Текст книги "Княгиня Ренессанса"
Автор книги: Жаклин Монсиньи
Жанр: Зарубежные приключения, Приключения
сообщить о неприемлемом содержимом
Текущая страница: 20 (всего у книги 23 страниц)
Глава XXX
ЧЕРНЫЕ ПАРУСА
– Упомянутая персона остановилась в Сиракузе, монсеньор.
Мужчина, которого певица Мария Соленара спешно прислала к Фульвио, был одним из самых верных друзей маффии.
Гонимый испанцами Джакомо, вступив в тайное общество, из простого рыбака превратился в прославленного разбойника, любимого героя жителей окрестных деревень, разбросанных по склонам Этны. И надо сказать, он прекрасно справлялся с ролью защитника отечества.

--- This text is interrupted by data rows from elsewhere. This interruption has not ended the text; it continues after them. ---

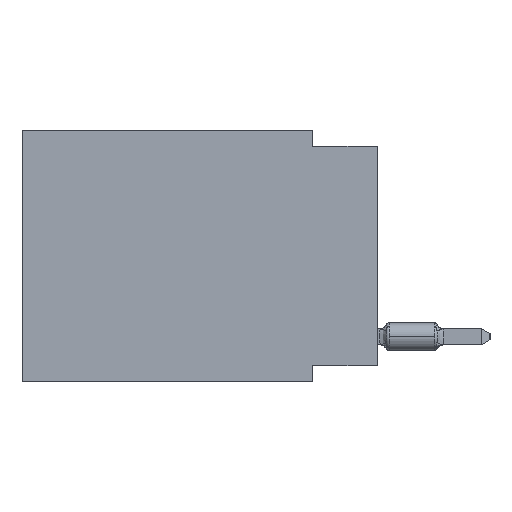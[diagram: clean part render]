
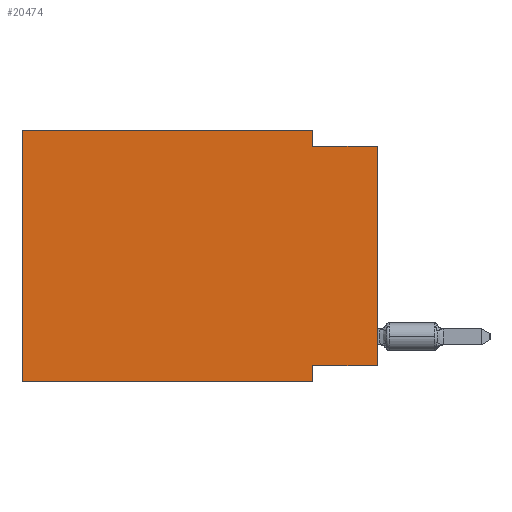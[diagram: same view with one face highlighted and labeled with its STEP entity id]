
A CAD part, left-side view. The second image highlights one B-rep face of the part: STEP entity #20474.
In plain terms, the highlighted planar face has unit normal (-1, 0, 0).
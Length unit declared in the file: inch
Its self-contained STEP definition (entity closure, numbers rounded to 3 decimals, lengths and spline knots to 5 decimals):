
#1455 = CARTESIAN_POINT ( 'NONE',  ( 0., 0.1, -0.39 ) ) ;
#1961 = LINE ( 'NONE', #20277, #9802 ) ;
#3643 = CARTESIAN_POINT ( 'NONE',  ( 0., 0.1, -0.365 ) ) ;
#3721 = ORIENTED_EDGE ( 'NONE', *, *, #6270, .F. ) ;
#4255 = CARTESIAN_POINT ( 'NONE',  ( 0., 0.1, -0.025 ) ) ;
#5278 = VECTOR ( 'NONE', #29597, 39.37008 ) ;
#6093 = ORIENTED_EDGE ( 'NONE', *, *, #12855, .T. ) ;
#6270 = EDGE_CURVE ( 'NONE', #11813, #23239, #25795, .T. ) ;
#7937 = VERTEX_POINT ( 'NONE', #24596 ) ;
#8628 = LINE ( 'NONE', #22187, #35594 ) ;
#9343 = DIRECTION ( 'NONE',  ( 0., 0., -1. ) ) ;
#9802 = VECTOR ( 'NONE', #9343, 39.37008 ) ;
#10177 = CARTESIAN_POINT ( 'NONE',  ( 0., 0.55, 0. ) ) ;
#11813 = VERTEX_POINT ( 'NONE', #4255 ) ;
#12855 = EDGE_CURVE ( 'NONE', #22096, #23239, #32937, .T. ) ;
#12971 = VERTEX_POINT ( 'NONE', #15818 ) ;
#14395 = CARTESIAN_POINT ( 'NONE',  ( 0., 0., 0. ) ) ;
#14471 = CARTESIAN_POINT ( 'NONE',  ( 0., 0.55, 0. ) ) ;
#14874 = DIRECTION ( 'NONE',  ( 0., 0., 1. ) ) ;
#15818 = CARTESIAN_POINT ( 'NONE',  ( 0., 0.1, 0. ) ) ;
#16173 = CARTESIAN_POINT ( 'NONE',  ( 0., 0.55, -0.39 ) ) ;
#16329 = CARTESIAN_POINT ( 'NONE',  ( 0., 0.55, 0. ) ) ;
#16830 = EDGE_CURVE ( 'NONE', #32847, #7937, #38779, .T. ) ;
#16898 = ORIENTED_EDGE ( 'NONE', *, *, #30866, .F. ) ;
#17029 = VECTOR ( 'NONE', #14874, 39.37008 ) ;
#17074 = EDGE_CURVE ( 'NONE', #23811, #43544, #26781, .T. ) ;
#18280 = DIRECTION ( 'NONE',  ( 0., -1., 0. ) ) ;
#18614 = DIRECTION ( 'NONE',  ( 0., 1., 0. ) ) ;
#18861 = EDGE_LOOP ( 'NONE', ( #6093, #3721, #21681, #16898, #46501, #25419, #21958, #26563 ) ) ;
#19715 = VECTOR ( 'NONE', #41148, 39.37008 ) ;
#20277 = CARTESIAN_POINT ( 'NONE',  ( 0., 0.1, 0. ) ) ;
#20474 = ADVANCED_FACE ( 'NONE', ( #46553 ), #39889, .F. ) ;
#21681 = ORIENTED_EDGE ( 'NONE', *, *, #42536, .F. ) ;
#21958 = ORIENTED_EDGE ( 'NONE', *, *, #16830, .F. ) ;
#22001 = CARTESIAN_POINT ( 'NONE',  ( 0., 0., -0.365 ) ) ;
#22096 = VERTEX_POINT ( 'NONE', #22001 ) ;
#22187 = CARTESIAN_POINT ( 'NONE',  ( 0., 0., -0.365 ) ) ;
#23223 = EDGE_CURVE ( 'NONE', #23811, #7937, #24009, .T. ) ;
#23239 = VERTEX_POINT ( 'NONE', #30428 ) ;
#23811 = VERTEX_POINT ( 'NONE', #31320 ) ;
#24009 = LINE ( 'NONE', #16173, #19715 ) ;
#24596 = CARTESIAN_POINT ( 'NONE',  ( 0., 0.1, -0.39 ) ) ;
#25419 = ORIENTED_EDGE ( 'NONE', *, *, #23223, .T. ) ;
#25795 = LINE ( 'NONE', #29128, #5278 ) ;
#26563 = ORIENTED_EDGE ( 'NONE', *, *, #42448, .F. ) ;
#26781 = LINE ( 'NONE', #16329, #42962 ) ;
#29128 = CARTESIAN_POINT ( 'NONE',  ( 0., 0., -0.025 ) ) ;
#29597 = DIRECTION ( 'NONE',  ( 0., -1., 0. ) ) ;
#30428 = CARTESIAN_POINT ( 'NONE',  ( 0., 0., -0.025 ) ) ;
#30866 = EDGE_CURVE ( 'NONE', #43544, #12971, #47059, .T. ) ;
#31320 = CARTESIAN_POINT ( 'NONE',  ( 0., 0.55, -0.39 ) ) ;
#31811 = DIRECTION ( 'NONE',  ( 0., 0., -1. ) ) ;
#32762 = VECTOR ( 'NONE', #18280, 39.37008 ) ;
#32847 = VERTEX_POINT ( 'NONE', #3643 ) ;
#32937 = LINE ( 'NONE', #14395, #17029 ) ;
#33179 = AXIS2_PLACEMENT_3D ( 'NONE', #10177, #40124, #31811 ) ;
#33853 = CARTESIAN_POINT ( 'NONE',  ( 0., 0.55, 0. ) ) ;
#34175 = DIRECTION ( 'NONE',  ( 0., 0., 1. ) ) ;
#34993 = DIRECTION ( 'NONE',  ( 0., 0., -1. ) ) ;
#35594 = VECTOR ( 'NONE', #18614, 39.37008 ) ;
#37652 = VECTOR ( 'NONE', #34993, 39.37008 ) ;
#38779 = LINE ( 'NONE', #1455, #37652 ) ;
#39889 = PLANE ( 'NONE',  #33179 ) ;
#40124 = DIRECTION ( 'NONE',  ( 1., 0., 0. ) ) ;
#41148 = DIRECTION ( 'NONE',  ( 0., -1., 0. ) ) ;
#42448 = EDGE_CURVE ( 'NONE', #22096, #32847, #8628, .T. ) ;
#42536 = EDGE_CURVE ( 'NONE', #12971, #11813, #1961, .T. ) ;
#42962 = VECTOR ( 'NONE', #34175, 39.37008 ) ;
#43544 = VERTEX_POINT ( 'NONE', #33853 ) ;
#46501 = ORIENTED_EDGE ( 'NONE', *, *, #17074, .F. ) ;
#46553 = FACE_OUTER_BOUND ( 'NONE', #18861, .T. ) ;
#47059 = LINE ( 'NONE', #14471, #32762 ) ;

– Она прибыла одна? – спросил Фульвио.
– Ее сопровождает несколько слуг, один гигант по имени Бизантен и один лилипут, ну, то есть карлик, монсеньор…
– Под каким именем они высадились на берег?
– Синьора Тринита Орландо.
– Тринита Орландо, – повторил Фульвио.
Он задумался, потом снова обратился к гонцу, который мял шапку в руках, ожидая его распоряжений.
– Можешь ли ты описать мне эту даму?
– Конечно, монсеньор… По распоряжению Марии Соленара я последовал за этой дамой, как только она сошла с корабля, приплывшего под венецианским флагом. Она остановилась в маленьком доме, рядом с монастырем капуцинов. Я встал на паперти церкви Санта Лючия, откуда и наблюдал за окном и за маленьким садом. У дамы черные волосы, она всегда одета во все черное и часто носит густую вуаль. Я, однако, смог увидеть ее лицо, очень, кстати, красивое. Монсеньор будет, наверное, надо мной смеяться, но у этой женщины такие черные глаза и такие красные губы на совершенно белом лице, что я даже испугался…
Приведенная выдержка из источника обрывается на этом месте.